Work to complete —
Transcribe the data below verbatim from the line with "31.9219294953), (-53.01906473, 31.9219294953))" to the line with "21.6719294953), (-47.2590567172, 21.6719294953))". Include both of those lines.

[Stored entries]
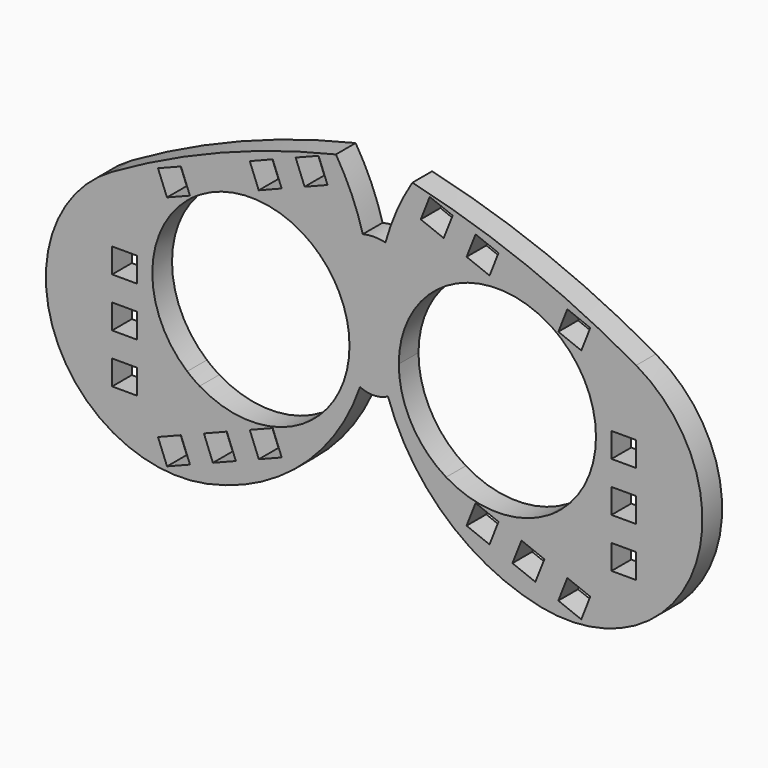
from build123d import *

# Parameters (mm, degrees)
F1_DEPTH = 3
F2_W     = 2.9827502628
F2_H     = 3
F2_W_2   = 2.9913751314
F2_W_3   = 3
F3_DEPTH = 25


# Not quite as in the source:
# - ends of sketch curves that miss each other by under 0.0002 mm in the source are joined


with BuildPart() as f1:
    # F0 (on Front) → F1 (new body)
    with BuildSketch(Plane.XZ):
        with BuildLine():
            ThreePointArc((-65.4990487043, 31.9219294953), (-59.2590567172, 33.6719294953), (-53.01906473, 31.9219294953))
            Line((-53.01906473, 31.9219294953), (-45.1069841329, 31.9219294953))
            ThreePointArc((-45.1069841329, 31.9219294953), (-45.3487223927, 33.0483271736), (-45.635105941, 34.1642095953))
            ThreePointArc((-45.635105941, 34.1642095953), (-47.0071291889, 38.0195574022), (-48.9092989792, 41.6428024387))
            ThreePointArc((-48.9092989792, 41.6428024387), (-62.9189036621, 37.276531414), (-76.1468158191, 30.9239188806))
            ThreePointArc((-76.1468158191, 30.9239188806), (-84.213049611, 16.9468180053), (-76.0504636415, 3.0257667966))
            ThreePointArc((-76.0504636415, 3.0257667966), (-76.029966864, 3.0142304296), (-76.0094479368, 3.0027335048))
            ThreePointArc((-76.0094479368, 3.0027335048), (-70.4614460946, 1.0953454703), (-64.596721114, 1.2484939552))
            ThreePointArc((-64.596721114, 1.2484939552), (-55.9033559949, 4.8590380101), (-49.1550909719, 11.4219294953))
            Line((-49.1550909719, 11.4219294953), (-53.01906473, 11.4219294953))
            ThreePointArc((-53.01906473, 11.4219294953), (-59.2590567172, 9.6719294953), (-65.4990487043, 11.4219294953))
            Line((-65.4990487043, 11.4219294953), (-67.0090567172, 11.4219294953))
            Line((-67.0090567172, 11.4219294953), (-67.0090567172, 12.5101883944))
            ThreePointArc((-67.0090567172, 12.5101883944), (-71.2590567172, 21.6719294953), (-67.0090567172, 30.8336705962))
            Line((-67.0090567172, 30.8336705962), (-67.0090567172, 31.9219294953))
            Line((-67.0090567172, 31.9219294953), (-65.4990487043, 31.9219294953))
        make_face()
        with BuildLine():
            ThreePointArc((-42.8830074933, 34.1642095953), (-43.1693910416, 33.0483271736), (-43.4111293014, 31.9219294953))
            Line((-43.4111293014, 31.9219294953), (-35.4990487043, 31.9219294953))
            ThreePointArc((-35.4990487043, 31.9219294953), (-29.2590567172, 33.6719294953), (-23.01906473, 31.9219294953))
            Line((-23.01906473, 31.9219294953), (-21.5090567172, 31.9219294953))
            Line((-21.5090567172, 31.9219294953), (-21.5090567172, 30.8336705962))
            ThreePointArc((-21.5090567172, 30.8336705962), (-18.3732861886, 26.7216819645), (-17.2590567172, 21.6719294953))
            ThreePointArc((-17.2590567172, 21.6719294953), (-18.3732861886, 16.6221770261), (-21.5090567172, 12.5101883944))
            Line((-21.5090567172, 12.5101883944), (-21.5090567172, 11.4219294953))
            Line((-21.5090567172, 11.4219294953), (-23.01906473, 11.4219294953))
            ThreePointArc((-23.01906473, 11.4219294953), (-29.2590567172, 9.6719294953), (-35.4990487043, 11.4219294953))
            Line((-35.4990487043, 11.4219294953), (-39.3630224624, 11.4219294953))
            ThreePointArc((-39.3630224624, 11.4219294953), (-32.6147574394, 4.8590380101), (-23.9213923203, 1.2484939552))
            ThreePointArc((-23.9213923203, 1.2484939552), (-18.0566673397, 1.0953454703), (-12.5086654975, 3.0027335048))
            ThreePointArc((-12.5086654975, 3.0027335048), (-12.4881465704, 3.0142304296), (-12.4676497928, 3.0257667966))
            ThreePointArc((-12.4676497928, 3.0257667966), (-4.3050638233, 16.9468180053), (-12.3712976152, 30.9239188806))
            ThreePointArc((-12.3712976152, 30.9239188806), (-25.5992097722, 37.276531414), (-39.6088144552, 41.6428024387))
            ThreePointArc((-39.6088144552, 41.6428024387), (-41.5109842454, 38.0195574022), (-42.8830074933, 34.1642095953))
        make_face()
        with BuildLine():
            Line((-43.5487545967, 21.6719294953), (-44.9693588376, 21.6719294953))
            ThreePointArc((-44.9693588376, 21.6719294953), (-45.3908188129, 19.6558686516), (-45.9763922185, 17.6812209304))
            ThreePointArc((-45.9763922185, 17.6812209304), (-44.2636810752, 17.3202159397), (-42.5729841678, 17.7732590184))
            ThreePointArc((-42.5729841678, 17.7732590184), (-43.1391404553, 19.7030043482), (-43.5487545967, 21.6719294953))
        make_face()
        with BuildLine():
            ThreePointArc((-43.559121813, 21.7346880473), (-43.5539581146, 21.7033054824), (-43.5487545967, 21.6719294953))
            Line((-43.5487545967, 21.6719294953), (-41.2590567172, 21.6719294953))
            ThreePointArc((-41.2590567172, 21.6719294953), (-39.7204118838, 27.550708967), (-35.4990487043, 31.9219294953))
            Line((-35.4990487043, 31.9219294953), (-43.4111293014, 31.9219294953))
            ThreePointArc((-43.4111293014, 31.9219294953), (-43.9370167563, 26.8348735037), (-43.559121813, 21.7346880473))
        make_face()
        with BuildLine():
            ThreePointArc((-53.01906473, 31.9219294953), (-48.7977015505, 27.550708967), (-47.2590567172, 21.6719294953))
            Line((-47.2590567172, 21.6719294953), (-44.9693588376, 21.6719294953))
            ThreePointArc((-44.9693588376, 21.6719294953), (-44.9641553197, 21.7033054824), (-44.9589916213, 21.7346880473))
            ThreePointArc((-44.9589916213, 21.7346880473), (-44.581096678, 26.8348735037), (-45.1069841329, 31.9219294953))
            Line((-45.1069841329, 31.9219294953), (-53.01906473, 31.9219294953))
        make_face()
        with BuildLine():
            Line((-44.9693588376, 21.6719294953), (-47.2590567172, 21.6719294953))
            ThreePointArc((-47.2590567172, 21.6719294953), (-48.7977015505, 15.7931500236), (-53.01906473, 11.4219294953))
            Line((-53.01906473, 11.4219294953), (-49.1550909719, 11.4219294953))
            ThreePointArc((-49.1550909719, 11.4219294953), (-47.3455028522, 14.4397298666), (-45.9763922185, 17.6812209304))
            ThreePointArc((-45.9763922185, 17.6812209304), (-45.3908188129, 19.6558686516), (-44.9693588376, 21.6719294953))
        make_face()
        with BuildLine():
            Line((-41.2590567172, 21.6719294953), (-43.5487545967, 21.6719294953))
            ThreePointArc((-43.5487545967, 21.6719294953), (-43.1391404553, 19.7030043482), (-42.5729841678, 17.7732590184))
            ThreePointArc((-42.5729841678, 17.7732590184), (-41.1945750254, 14.4830849229), (-39.3630224624, 11.4219294953))
            Line((-39.3630224624, 11.4219294953), (-35.4990487043, 11.4219294953))
            ThreePointArc((-35.4990487043, 11.4219294953), (-39.7204118838, 15.7931500236), (-41.2590567172, 21.6719294953))
        make_face()
        with BuildLine():
            ThreePointArc((-44.9589916213, 21.7346880473), (-44.9641553197, 21.7033054824), (-44.9693588376, 21.6719294953))
            Line((-44.9693588376, 21.6719294953), (-43.5487545967, 21.6719294953))
            ThreePointArc((-43.5487545967, 21.6719294953), (-43.5539581146, 21.7033054824), (-43.559121813, 21.7346880473))
            ThreePointArc((-43.559121813, 21.7346880473), (-43.9370167563, 26.8348735037), (-43.4111293014, 31.9219294953))
            Line((-43.4111293014, 31.9219294953), (-45.1069841329, 31.9219294953))
            ThreePointArc((-45.1069841329, 31.9219294953), (-44.581096678, 26.8348735037), (-44.9589916213, 21.7346880473))
        make_face()
        with BuildLine():
            ThreePointArc((-45.635105941, 34.1642095953), (-45.3487223927, 33.0483271736), (-45.1069841329, 31.9219294953))
            Line((-45.1069841329, 31.9219294953), (-43.4111293014, 31.9219294953))
            ThreePointArc((-43.4111293014, 31.9219294953), (-43.1693910416, 33.0483271736), (-42.8830074933, 34.1642095953))
            ThreePointArc((-42.8830074933, 34.1642095953), (-44.2590567172, 34.327758758), (-45.635105941, 34.1642095953))
        make_face()
        with BuildLine():
            Line((-67.0090567172, 11.4219294953), (-65.4990487043, 11.4219294953))
            ThreePointArc((-65.4990487043, 11.4219294953), (-66.2751842679, 11.9367379619), (-67.0090567172, 12.5101883944))
            Line((-67.0090567172, 12.5101883944), (-67.0090567172, 11.4219294953))
        make_face()
        with BuildLine():
            ThreePointArc((-21.5090567172, 12.5101883944), (-22.2429291664, 11.9367379619), (-23.01906473, 11.4219294953))
            Line((-23.01906473, 11.4219294953), (-21.5090567172, 11.4219294953))
            Line((-21.5090567172, 11.4219294953), (-21.5090567172, 12.5101883944))
        make_face()
        with BuildLine():
            Line((-21.5090567172, 31.9219294953), (-23.01906473, 31.9219294953))
            ThreePointArc((-23.01906473, 31.9219294953), (-22.2429291664, 31.4071210287), (-21.5090567172, 30.8336705962))
            Line((-21.5090567172, 30.8336705962), (-21.5090567172, 31.9219294953))
        make_face()
        with BuildLine():
            ThreePointArc((-67.0090567172, 30.8336705962), (-66.2751842679, 31.4071210287), (-65.4990487043, 31.9219294953))
            Line((-65.4990487043, 31.9219294953), (-67.0090567172, 31.9219294953))
            Line((-67.0090567172, 31.9219294953), (-67.0090567172, 30.8336705962))
        make_face()
    extrude(amount=F1_DEPTH)

    # F2 (on face) → F3 (cut)
    with BuildSketch(Plane.XZ.offset(3)):
        Polygon((-67.7719824437, 5.4260265126), (-70.5635935688, 4.3274331729), (-69.4650002292, 1.5358220478), (-66.673389104, 2.6344153875), align=None)
        Polygon((-29.1209643657, 8.7218065315), (-31.9125754908, 9.8203998712), (-33.0111329333, 7.0288799637), (-30.2195218081, 5.930286624), align=None)
        Polygon((-23.5377421156, 6.5246198522), (-26.3293532407, 7.6232131919), (-27.4279286318, 4.8316476756), (-24.6363175066, 3.7330543359), align=None)
        Polygon((-19.0531132051, 1.5358220478), (-17.9545198655, 4.3274331729), (-20.7461309906, 5.4260265126), (-21.8447243303, 2.6344153875), align=None)
        with Locations((-13.8799224838, 9.4239312787)):
            Rectangle(F2_W, F2_H)
        with Locations((-13.8756100495, 15.4239250796)):
            Rectangle(F2_W_2, F2_H)
        with Locations((-13.8712976152, 21.4239188806)):
            Rectangle(F2_W_3, F2_H)
        Polygon((-19.0457892079, 30.3481052815), (-17.9545198238, 33.1211056658), (-20.7461309906, 34.2196988996), (-21.837400333, 31.4466986212), align=None)
        Polygon((-29.120964366, 37.5154789187), (-31.9125754912, 38.6140722584), (-33.0038447503, 35.8410721917), (-30.2122336251, 34.742478852), align=None)
        Polygon((-34.7041866163, 39.712665598), (-37.4957977415, 40.8112589377), (-38.5870669589, 38.0382589769), (-35.7954558337, 36.9396656372), align=None)
        Polygon((-67.7719824437, 34.2196988996), (-70.5635935688, 33.12110556), (-69.4723242264, 30.3481052815), (-66.6807131013, 31.4466986212), align=None)
        Polygon((-55.5142686841, 35.8410721917), (-56.6055380681, 38.614072576), (-59.3971490683, 37.5154789187), (-58.3058798092, 34.742478852), align=None)
        Polygon((-49.9310464754, 38.0382589769), (-51.0223158595, 40.8112593612), (-53.813926818, 39.712665598), (-52.7226576006, 36.9396656372), align=None)
        with Locations((-74.6468158191, 21.4239188806)):
            Rectangle(F2_W_3, F2_H)
        with Locations((-74.6468158191, 9.4239419771)):
            Rectangle(F2_W_3, F2_H)
        Polygon((-61.0901668537, 4.8316020668), (-62.1887601934, 7.623213192), (-64.9803713186, 6.5246198523), (-63.8817779789, 3.7330087272), align=None)
        Polygon((-55.5069446035, 7.0287887462), (-56.6055379431, 9.8203998713), (-59.3971490683, 8.7218065317), (-58.2985557286, 5.9301954065), align=None)
        with Locations((-74.6468158191, 15.4239304289)):
            Rectangle(F2_W_3, F2_H)
    extrude(amount=-F3_DEPTH, mode=Mode.SUBTRACT)


solid = f1.part

Answer box —
            Line((-45.1069841329, 31.9219294953), (-53.01906473, 31.9219294953))
        make_face()
        with BuildLine():
            Line((-44.9693588376, 21.6719294953), (-47.2590567172, 21.6719294953))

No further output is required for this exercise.